* [Required work]
What you need to produce from the material below is an exact transcription of the lines from the one with "#224=DIRECTION('',(0.,0.,1.));" through the one with "#286=DIRECTION('',(0.,0.,1.));", both included, and no other line.
────────────────────────────────────────
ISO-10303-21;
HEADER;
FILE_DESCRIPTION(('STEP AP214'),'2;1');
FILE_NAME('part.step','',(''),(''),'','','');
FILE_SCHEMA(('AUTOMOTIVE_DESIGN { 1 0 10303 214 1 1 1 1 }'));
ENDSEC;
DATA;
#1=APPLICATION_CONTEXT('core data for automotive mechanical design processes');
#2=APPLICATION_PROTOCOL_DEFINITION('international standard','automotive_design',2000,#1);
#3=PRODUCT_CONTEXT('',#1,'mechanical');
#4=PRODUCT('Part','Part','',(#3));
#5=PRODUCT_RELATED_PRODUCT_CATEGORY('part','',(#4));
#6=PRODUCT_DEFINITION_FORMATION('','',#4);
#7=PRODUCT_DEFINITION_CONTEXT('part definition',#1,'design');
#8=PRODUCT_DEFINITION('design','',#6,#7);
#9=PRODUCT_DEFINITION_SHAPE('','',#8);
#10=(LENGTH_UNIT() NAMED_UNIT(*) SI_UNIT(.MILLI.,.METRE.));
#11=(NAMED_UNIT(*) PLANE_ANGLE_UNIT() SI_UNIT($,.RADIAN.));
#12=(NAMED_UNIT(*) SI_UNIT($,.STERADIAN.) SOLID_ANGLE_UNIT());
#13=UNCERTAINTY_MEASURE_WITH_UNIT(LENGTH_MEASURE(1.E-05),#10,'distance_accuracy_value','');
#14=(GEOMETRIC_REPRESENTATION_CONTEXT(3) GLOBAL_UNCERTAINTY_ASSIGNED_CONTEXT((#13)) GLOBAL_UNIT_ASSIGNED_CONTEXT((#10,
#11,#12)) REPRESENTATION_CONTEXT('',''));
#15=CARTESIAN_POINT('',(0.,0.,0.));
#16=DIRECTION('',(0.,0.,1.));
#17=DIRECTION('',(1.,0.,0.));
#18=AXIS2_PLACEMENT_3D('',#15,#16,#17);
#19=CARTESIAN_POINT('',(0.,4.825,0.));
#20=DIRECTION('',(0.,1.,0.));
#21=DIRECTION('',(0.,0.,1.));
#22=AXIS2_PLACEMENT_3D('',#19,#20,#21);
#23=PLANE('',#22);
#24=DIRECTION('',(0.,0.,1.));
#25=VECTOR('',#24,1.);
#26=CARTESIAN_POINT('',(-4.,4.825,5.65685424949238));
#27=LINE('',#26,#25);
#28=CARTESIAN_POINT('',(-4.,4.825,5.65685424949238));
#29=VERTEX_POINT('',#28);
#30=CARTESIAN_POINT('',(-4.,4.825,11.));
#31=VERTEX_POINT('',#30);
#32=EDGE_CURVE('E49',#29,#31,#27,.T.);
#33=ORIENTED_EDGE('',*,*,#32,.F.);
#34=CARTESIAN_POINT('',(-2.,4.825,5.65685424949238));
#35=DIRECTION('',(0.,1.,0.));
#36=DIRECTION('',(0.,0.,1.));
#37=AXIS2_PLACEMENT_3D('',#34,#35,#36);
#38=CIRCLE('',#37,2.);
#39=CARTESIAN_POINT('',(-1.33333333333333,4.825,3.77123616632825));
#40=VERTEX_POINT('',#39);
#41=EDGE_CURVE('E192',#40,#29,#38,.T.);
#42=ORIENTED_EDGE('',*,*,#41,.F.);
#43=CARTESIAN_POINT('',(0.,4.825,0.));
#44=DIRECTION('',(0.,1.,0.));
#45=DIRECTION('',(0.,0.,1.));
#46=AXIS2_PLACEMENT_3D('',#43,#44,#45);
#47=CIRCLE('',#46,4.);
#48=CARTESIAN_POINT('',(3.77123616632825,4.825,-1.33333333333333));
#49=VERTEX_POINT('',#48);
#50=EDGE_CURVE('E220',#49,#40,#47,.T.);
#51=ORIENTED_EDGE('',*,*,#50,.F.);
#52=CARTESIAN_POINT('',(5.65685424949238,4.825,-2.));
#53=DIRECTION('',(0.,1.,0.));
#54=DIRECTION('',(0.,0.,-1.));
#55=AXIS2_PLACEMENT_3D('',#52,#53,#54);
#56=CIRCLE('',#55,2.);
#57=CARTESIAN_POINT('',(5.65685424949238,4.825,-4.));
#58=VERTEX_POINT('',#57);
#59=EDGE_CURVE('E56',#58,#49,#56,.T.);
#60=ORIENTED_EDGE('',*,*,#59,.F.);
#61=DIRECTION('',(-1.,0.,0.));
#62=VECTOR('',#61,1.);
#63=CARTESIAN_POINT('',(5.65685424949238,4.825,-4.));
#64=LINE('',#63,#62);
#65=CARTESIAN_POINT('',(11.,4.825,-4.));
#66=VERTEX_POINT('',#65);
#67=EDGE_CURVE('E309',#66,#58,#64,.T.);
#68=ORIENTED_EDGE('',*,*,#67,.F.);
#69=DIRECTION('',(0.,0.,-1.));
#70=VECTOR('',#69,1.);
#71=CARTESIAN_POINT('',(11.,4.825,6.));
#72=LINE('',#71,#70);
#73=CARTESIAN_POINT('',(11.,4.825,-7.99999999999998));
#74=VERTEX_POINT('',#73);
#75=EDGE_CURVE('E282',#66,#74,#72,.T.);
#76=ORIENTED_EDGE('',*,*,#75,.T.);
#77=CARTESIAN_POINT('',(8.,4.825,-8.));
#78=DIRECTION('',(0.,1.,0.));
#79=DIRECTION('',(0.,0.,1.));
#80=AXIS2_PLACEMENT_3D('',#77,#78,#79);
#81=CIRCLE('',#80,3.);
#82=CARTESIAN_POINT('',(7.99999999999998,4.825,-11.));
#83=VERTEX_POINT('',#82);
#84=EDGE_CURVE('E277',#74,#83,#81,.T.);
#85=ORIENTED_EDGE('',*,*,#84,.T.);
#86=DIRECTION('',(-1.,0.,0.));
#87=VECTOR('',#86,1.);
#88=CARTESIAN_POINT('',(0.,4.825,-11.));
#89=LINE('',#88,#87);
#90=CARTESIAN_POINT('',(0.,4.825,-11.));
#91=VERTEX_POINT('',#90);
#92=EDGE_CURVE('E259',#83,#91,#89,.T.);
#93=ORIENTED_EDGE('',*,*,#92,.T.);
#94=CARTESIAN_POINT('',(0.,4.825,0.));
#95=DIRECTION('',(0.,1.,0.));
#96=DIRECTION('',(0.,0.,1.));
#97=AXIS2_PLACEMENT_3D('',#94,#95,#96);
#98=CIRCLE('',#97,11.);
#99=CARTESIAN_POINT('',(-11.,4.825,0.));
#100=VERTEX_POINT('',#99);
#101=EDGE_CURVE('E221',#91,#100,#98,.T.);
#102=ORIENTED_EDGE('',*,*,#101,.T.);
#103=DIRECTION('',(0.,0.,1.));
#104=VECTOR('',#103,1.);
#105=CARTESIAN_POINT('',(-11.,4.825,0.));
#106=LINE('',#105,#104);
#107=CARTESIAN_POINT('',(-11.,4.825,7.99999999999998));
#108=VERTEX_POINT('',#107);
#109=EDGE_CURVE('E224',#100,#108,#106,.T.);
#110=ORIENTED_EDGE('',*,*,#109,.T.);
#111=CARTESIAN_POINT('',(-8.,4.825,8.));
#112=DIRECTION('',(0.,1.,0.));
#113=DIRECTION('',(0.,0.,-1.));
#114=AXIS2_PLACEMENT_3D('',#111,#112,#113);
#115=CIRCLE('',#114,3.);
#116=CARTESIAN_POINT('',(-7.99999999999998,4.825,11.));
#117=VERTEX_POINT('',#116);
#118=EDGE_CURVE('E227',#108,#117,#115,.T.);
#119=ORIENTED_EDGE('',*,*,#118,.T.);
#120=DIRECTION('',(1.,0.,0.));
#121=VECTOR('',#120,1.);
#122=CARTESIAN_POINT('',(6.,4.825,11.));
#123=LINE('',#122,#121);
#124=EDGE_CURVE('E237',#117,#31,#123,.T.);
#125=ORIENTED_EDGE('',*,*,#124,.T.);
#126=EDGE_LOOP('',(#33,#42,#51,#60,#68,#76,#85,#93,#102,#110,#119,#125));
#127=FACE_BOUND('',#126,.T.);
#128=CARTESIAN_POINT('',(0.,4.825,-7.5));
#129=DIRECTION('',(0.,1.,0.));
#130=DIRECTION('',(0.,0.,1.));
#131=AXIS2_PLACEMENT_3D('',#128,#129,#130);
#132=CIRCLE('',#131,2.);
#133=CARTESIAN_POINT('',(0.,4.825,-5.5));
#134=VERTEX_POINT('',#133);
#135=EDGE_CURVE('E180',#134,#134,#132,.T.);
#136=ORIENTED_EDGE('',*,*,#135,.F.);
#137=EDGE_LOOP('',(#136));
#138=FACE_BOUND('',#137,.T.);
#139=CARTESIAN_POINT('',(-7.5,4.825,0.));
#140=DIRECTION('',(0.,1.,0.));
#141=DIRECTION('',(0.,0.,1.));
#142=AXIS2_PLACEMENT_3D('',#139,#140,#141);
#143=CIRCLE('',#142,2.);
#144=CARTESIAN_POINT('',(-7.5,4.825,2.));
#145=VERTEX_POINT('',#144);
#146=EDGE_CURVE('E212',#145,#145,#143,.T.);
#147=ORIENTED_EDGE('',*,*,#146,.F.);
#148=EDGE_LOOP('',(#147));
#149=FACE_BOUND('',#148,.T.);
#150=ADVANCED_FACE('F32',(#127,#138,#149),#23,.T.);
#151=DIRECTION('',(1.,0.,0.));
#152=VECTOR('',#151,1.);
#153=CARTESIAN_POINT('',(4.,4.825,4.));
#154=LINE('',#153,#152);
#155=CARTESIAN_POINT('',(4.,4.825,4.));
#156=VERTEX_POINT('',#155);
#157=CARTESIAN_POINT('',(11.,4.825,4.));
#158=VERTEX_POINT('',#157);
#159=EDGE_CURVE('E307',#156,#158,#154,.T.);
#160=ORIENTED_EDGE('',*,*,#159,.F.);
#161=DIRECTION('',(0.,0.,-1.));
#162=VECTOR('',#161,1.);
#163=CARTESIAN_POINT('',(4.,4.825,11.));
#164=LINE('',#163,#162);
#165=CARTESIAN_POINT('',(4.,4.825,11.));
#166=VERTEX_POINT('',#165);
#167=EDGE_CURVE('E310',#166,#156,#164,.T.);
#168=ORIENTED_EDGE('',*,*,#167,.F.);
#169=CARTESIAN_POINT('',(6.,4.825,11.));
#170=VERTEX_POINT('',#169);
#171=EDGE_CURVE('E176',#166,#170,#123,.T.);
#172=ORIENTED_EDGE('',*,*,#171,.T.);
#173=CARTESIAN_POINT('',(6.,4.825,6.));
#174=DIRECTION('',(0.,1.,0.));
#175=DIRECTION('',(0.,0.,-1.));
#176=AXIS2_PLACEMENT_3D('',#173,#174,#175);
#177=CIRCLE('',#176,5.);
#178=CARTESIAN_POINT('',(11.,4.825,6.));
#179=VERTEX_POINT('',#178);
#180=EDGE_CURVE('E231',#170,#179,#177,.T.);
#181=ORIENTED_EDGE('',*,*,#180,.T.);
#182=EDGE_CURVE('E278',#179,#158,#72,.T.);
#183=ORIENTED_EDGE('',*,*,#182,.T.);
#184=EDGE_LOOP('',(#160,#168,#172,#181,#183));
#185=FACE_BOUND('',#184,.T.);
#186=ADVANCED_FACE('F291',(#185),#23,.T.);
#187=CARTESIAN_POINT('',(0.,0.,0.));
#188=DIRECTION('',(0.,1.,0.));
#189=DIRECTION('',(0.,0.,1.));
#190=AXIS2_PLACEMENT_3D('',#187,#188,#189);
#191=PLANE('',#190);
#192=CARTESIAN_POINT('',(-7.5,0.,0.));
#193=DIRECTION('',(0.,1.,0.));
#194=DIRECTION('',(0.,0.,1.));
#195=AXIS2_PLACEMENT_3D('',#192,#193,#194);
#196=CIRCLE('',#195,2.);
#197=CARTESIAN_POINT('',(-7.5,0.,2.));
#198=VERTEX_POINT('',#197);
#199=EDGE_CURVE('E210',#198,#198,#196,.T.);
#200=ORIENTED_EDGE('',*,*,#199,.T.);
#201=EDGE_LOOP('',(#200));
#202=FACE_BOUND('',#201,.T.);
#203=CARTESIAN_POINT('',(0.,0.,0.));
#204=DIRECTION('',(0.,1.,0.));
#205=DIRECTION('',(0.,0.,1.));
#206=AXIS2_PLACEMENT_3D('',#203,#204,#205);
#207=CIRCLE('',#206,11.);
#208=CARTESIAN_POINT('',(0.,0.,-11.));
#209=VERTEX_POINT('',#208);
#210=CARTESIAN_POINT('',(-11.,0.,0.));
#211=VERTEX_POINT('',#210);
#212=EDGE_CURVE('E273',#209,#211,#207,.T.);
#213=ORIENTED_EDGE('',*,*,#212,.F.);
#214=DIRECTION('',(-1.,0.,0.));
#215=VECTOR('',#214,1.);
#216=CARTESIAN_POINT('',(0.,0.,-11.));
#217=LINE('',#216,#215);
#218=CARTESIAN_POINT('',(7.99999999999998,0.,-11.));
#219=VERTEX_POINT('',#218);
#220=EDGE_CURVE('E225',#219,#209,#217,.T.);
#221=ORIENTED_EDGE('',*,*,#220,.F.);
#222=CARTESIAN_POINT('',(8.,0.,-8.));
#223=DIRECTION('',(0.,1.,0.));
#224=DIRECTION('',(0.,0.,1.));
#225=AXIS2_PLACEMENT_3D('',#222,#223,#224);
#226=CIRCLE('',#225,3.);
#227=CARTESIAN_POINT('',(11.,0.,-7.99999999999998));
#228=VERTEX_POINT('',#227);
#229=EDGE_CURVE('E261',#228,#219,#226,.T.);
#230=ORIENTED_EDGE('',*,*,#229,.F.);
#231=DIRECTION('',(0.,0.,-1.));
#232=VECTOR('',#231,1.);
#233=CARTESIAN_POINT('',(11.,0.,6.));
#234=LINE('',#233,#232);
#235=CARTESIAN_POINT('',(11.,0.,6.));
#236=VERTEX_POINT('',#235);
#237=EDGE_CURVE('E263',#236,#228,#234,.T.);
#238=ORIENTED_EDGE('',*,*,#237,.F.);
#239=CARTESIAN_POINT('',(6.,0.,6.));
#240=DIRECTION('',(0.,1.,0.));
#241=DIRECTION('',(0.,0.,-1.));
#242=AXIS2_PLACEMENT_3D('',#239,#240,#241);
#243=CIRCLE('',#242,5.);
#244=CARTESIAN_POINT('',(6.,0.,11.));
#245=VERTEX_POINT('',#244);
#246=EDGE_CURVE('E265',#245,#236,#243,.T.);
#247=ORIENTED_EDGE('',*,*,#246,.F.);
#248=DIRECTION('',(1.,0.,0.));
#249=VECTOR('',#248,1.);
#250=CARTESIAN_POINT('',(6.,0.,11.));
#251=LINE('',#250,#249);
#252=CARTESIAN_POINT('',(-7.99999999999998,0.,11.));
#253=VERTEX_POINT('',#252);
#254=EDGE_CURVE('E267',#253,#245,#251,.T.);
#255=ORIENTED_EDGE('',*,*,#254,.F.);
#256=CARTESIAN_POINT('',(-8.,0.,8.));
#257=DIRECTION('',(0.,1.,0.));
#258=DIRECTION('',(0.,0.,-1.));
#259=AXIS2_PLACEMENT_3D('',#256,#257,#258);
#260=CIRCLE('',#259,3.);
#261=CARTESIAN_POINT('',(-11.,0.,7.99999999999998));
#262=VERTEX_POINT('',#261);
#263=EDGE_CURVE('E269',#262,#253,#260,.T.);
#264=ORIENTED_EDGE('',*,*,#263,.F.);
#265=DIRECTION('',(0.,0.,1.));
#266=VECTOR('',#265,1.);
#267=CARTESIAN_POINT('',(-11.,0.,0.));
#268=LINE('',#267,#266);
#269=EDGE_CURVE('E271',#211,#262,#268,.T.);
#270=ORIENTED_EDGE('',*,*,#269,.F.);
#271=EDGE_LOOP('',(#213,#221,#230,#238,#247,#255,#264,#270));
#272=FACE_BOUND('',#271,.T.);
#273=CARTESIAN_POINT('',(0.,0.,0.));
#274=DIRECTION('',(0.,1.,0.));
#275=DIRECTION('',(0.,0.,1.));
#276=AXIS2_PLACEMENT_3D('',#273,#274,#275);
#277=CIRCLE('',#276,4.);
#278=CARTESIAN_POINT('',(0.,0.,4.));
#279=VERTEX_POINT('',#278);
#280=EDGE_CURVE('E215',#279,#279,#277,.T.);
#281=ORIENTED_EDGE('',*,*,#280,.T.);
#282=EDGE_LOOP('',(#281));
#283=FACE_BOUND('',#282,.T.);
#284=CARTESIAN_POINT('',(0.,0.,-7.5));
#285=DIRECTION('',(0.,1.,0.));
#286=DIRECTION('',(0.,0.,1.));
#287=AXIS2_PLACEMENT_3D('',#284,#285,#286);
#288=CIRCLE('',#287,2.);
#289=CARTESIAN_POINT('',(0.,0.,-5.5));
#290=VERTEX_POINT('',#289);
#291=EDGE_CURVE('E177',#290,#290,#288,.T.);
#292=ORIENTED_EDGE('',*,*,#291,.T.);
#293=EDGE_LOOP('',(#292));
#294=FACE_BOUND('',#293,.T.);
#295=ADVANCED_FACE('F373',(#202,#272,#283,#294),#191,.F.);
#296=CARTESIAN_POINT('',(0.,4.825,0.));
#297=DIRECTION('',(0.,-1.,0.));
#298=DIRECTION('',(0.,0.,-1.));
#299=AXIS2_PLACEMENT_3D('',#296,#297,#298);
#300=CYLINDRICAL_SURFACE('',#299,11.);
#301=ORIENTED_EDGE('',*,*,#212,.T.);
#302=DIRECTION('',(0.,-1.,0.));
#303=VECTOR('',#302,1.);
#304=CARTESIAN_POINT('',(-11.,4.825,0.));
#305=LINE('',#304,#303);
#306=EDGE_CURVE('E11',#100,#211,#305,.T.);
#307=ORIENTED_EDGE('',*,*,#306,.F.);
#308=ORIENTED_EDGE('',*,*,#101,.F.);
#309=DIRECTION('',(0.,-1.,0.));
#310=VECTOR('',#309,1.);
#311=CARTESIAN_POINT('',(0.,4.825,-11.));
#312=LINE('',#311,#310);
────────────────────────────────────────
* [Solution to the exercise]
#224=DIRECTION('',(0.,0.,1.));
#225=AXIS2_PLACEMENT_3D('',#222,#223,#224);
#226=CIRCLE('',#225,3.);
#227=CARTESIAN_POINT('',(11.,0.,-7.99999999999998));
#228=VERTEX_POINT('',#227);
#229=EDGE_CURVE('E261',#228,#219,#226,.T.);
#230=ORIENTED_EDGE('',*,*,#229,.F.);
#231=DIRECTION('',(0.,0.,-1.));
#232=VECTOR('',#231,1.);
#233=CARTESIAN_POINT('',(11.,0.,6.));
#234=LINE('',#233,#232);
#235=CARTESIAN_POINT('',(11.,0.,6.));
#236=VERTEX_POINT('',#235);
#237=EDGE_CURVE('E263',#236,#228,#234,.T.);
#238=ORIENTED_EDGE('',*,*,#237,.F.);
#239=CARTESIAN_POINT('',(6.,0.,6.));
#240=DIRECTION('',(0.,1.,0.));
#241=DIRECTION('',(0.,0.,-1.));
#242=AXIS2_PLACEMENT_3D('',#239,#240,#241);
#243=CIRCLE('',#242,5.);
#244=CARTESIAN_POINT('',(6.,0.,11.));
#245=VERTEX_POINT('',#244);
#246=EDGE_CURVE('E265',#245,#236,#243,.T.);
#247=ORIENTED_EDGE('',*,*,#246,.F.);
#248=DIRECTION('',(1.,0.,0.));
#249=VECTOR('',#248,1.);
#250=CARTESIAN_POINT('',(6.,0.,11.));
#251=LINE('',#250,#249);
#252=CARTESIAN_POINT('',(-7.99999999999998,0.,11.));
#253=VERTEX_POINT('',#252);
#254=EDGE_CURVE('E267',#253,#245,#251,.T.);
#255=ORIENTED_EDGE('',*,*,#254,.F.);
#256=CARTESIAN_POINT('',(-8.,0.,8.));
#257=DIRECTION('',(0.,1.,0.));
#258=DIRECTION('',(0.,0.,-1.));
#259=AXIS2_PLACEMENT_3D('',#256,#257,#258);
#260=CIRCLE('',#259,3.);
#261=CARTESIAN_POINT('',(-11.,0.,7.99999999999998));
#262=VERTEX_POINT('',#261);
#263=EDGE_CURVE('E269',#262,#253,#260,.T.);
#264=ORIENTED_EDGE('',*,*,#263,.F.);
#265=DIRECTION('',(0.,0.,1.));
#266=VECTOR('',#265,1.);
#267=CARTESIAN_POINT('',(-11.,0.,0.));
#268=LINE('',#267,#266);
#269=EDGE_CURVE('E271',#211,#262,#268,.T.);
#270=ORIENTED_EDGE('',*,*,#269,.F.);
#271=EDGE_LOOP('',(#213,#221,#230,#238,#247,#255,#264,#270));
#272=FACE_BOUND('',#271,.T.);
#273=CARTESIAN_POINT('',(0.,0.,0.));
#274=DIRECTION('',(0.,1.,0.));
#275=DIRECTION('',(0.,0.,1.));
#276=AXIS2_PLACEMENT_3D('',#273,#274,#275);
#277=CIRCLE('',#276,4.);
#278=CARTESIAN_POINT('',(0.,0.,4.));
#279=VERTEX_POINT('',#278);
#280=EDGE_CURVE('E215',#279,#279,#277,.T.);
#281=ORIENTED_EDGE('',*,*,#280,.T.);
#282=EDGE_LOOP('',(#281));
#283=FACE_BOUND('',#282,.T.);
#284=CARTESIAN_POINT('',(0.,0.,-7.5));
#285=DIRECTION('',(0.,1.,0.));
#286=DIRECTION('',(0.,0.,1.));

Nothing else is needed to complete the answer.